And the relevant commit (timestamp 2017-10-27):

[https://sqlite.org/src4/artifact/56683d66cbd41c2e](https://sqlite.org/src4/artifact/56683d66cbd41c2e)

> All development work on SQLite4 has ended. The experiment has concluded.

> Lessons learned from SQLite4 have been folded into SQLite3 which continues
> to be actively maintained and developed. This repository exists as an
> historical record. There are no plans at this time to resume development of
> SQLite4.

------
CaliforniaKarl
An unrelated comment: Looking through the rest of the file, I love how many
comments there are in general! I am able to get a sense of what each function
does, and what the individual code blocks within the function are doing.
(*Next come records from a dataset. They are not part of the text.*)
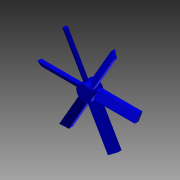
# Autodesk Inventor part: propeler
Saved by Autodesk Inventor 2012 (Build 160160000, 160)
## iProperties
Created: 2012-12-20
Part Number: propeler
Material: Default
Document SubType Name: Modeling
Designer: Irwan Haryanto
Density: 1 g/cm^3
Author: Irwan Haryanto
Autodesk Inventor part; units mm, degrees
ref_plane "XZ Plane" through (0, 0, 0) normal (0, 1, 0) x (-1, 0, 0)
ref_plane "XY Plane" through (0, 0, 0) normal (0, 0, 1) x (1, 0, 0)
sketch "Sketch1" plane through (0, 0, 0) normal (0, 0, 1) x (1, 0, 0)
  circle A0 centre (0, 0) radius 0.75
  circle A1 centre (0, 0) radius 4
  dimension "d0" = 1.5
  dimension "d1" = 8
  constraints: 2 centre point, 2 coincident
  measures "d0" diameter of A0
  measures "d1" diameter of A1
extrude "Extrusion1" add sketch "Sketch1" along normal blind 6 contours A0 | A1
extrude "Extrusion2" cut sketch "Sketch1" along normal blind 4 contours A0
ref_plane "Work Plane1" through (0, 0, 0) normal (1, 0, 0) x (0, 1, 0)
sketch "Sketch2" plane through (0, 0, 0) normal (1, 0, 0) x (0, 1, 0)
  line L0 (1.9777, 1) -> (-1.4864, 3)
  line L1 (1.9777, 1) -> (5.9777, 1) construction
  line L2 (1.9777, 1) -> (1.9777, 3)
  line L3 (1.9777, 3) -> (0.9602, 3.5874)
  line L4 (-4, 0) -> (4, 0) projected
  line L5 (0.9602, 3.5874) -> (-1.4864, 5)
  line L6 (-1.4864, 5) -> (-1.4864, 3)
  line L7 (-4, 6) -> (4, 6) projected
  point P0 (0, 0)
  dimension "d7" = 150
  dimension "d8" = 2
  dimension "d9" = 1
  dimension "d10" = 1
  constraints: 12 end point, 2 perpendicular, 1 collinear, 1 equal length, 1 horizontal, 1 parallel
  measures "d7" angle of L1 L0
  measures "d8" distance of L0.start L2.end
  measures "d9" distance from line of L0.start L4
  measures "d10" distance from line of L7 L5.end
extrude "Extrusion3" add sketch "Sketch2" along normal blind 25
sketch "Sketch3" plane through (0, 0, 0) normal (1, 0, 0) x (0, 1, 0)
  point P0 (0, 0)
pattern_circular "Circular Pattern1" count 6 over 360 about axis through (0, 0, 0) along (0, 0, 1) of "Extrusion3"
body "Solid1"

This is something that I do not see as often as I want, and I'm really glad to
see it here!

------
mmt
My (admittedly quick) reading of this is that the issues stem, primarily, if
not exclusively, from using multiple file descriptors for the same file,
necessitated by using/supporting threading for concurrency.

If that's the case, then perhaps it's not so much that PAL was broken by
design but that the original design merely didn't anticipate threading. I'm
not sure how the _advisory_ locking scheme compares in terms of timeline with
threading support, but Unix file locking in general easily predates even SMP.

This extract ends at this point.